** Provided entries follows **

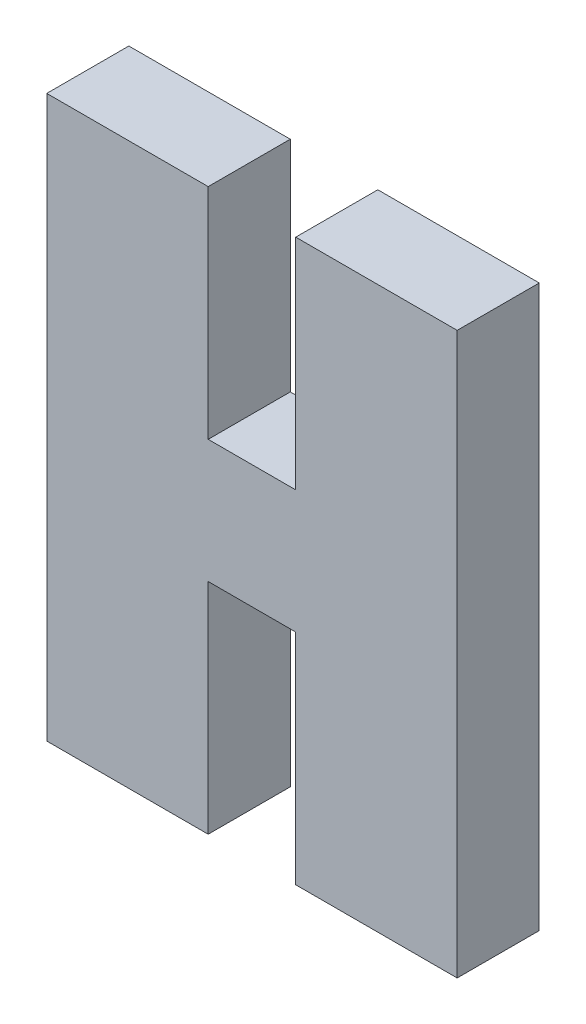
from build123d import *

# Parameters (mm, degrees)
CROQUIS1_W              = 5.9
CROQUIS1_H              = 8
CROQUIS1_W_2            = 15
CROQUIS1_H_2            = 4.5
SALIENTE_EXTRUIR1_DEPTH = 3


with BuildPart() as part:
    # Croquis1 → Saliente-Extruir1 (new body)
    with BuildSketch(Plane.XY):
        with Locations((-4.55, 6.25)):
            Rectangle(CROQUIS1_W, CROQUIS1_H)
        with Locations((4.55, 6.25)):
            Rectangle(CROQUIS1_W, CROQUIS1_H)
        Rectangle(CROQUIS1_W_2, CROQUIS1_H_2)
        with Locations((4.55, -6.25)):
            Rectangle(CROQUIS1_W, CROQUIS1_H)
        with Locations((-4.55, -6.25)):
            Rectangle(CROQUIS1_W, CROQUIS1_H)
    extrude(amount=SALIENTE_EXTRUIR1_DEPTH)


solid = part.part

** End of Provided entries **

# Work instruction
Within the data above, filter for lines containing the word "Locations" and copy each one.

# Written response
        with Locations((-4.55, 6.25)):
        with Locations((4.55, 6.25)):
        with Locations((4.55, -6.25)):
        with Locations((-4.55, -6.25)):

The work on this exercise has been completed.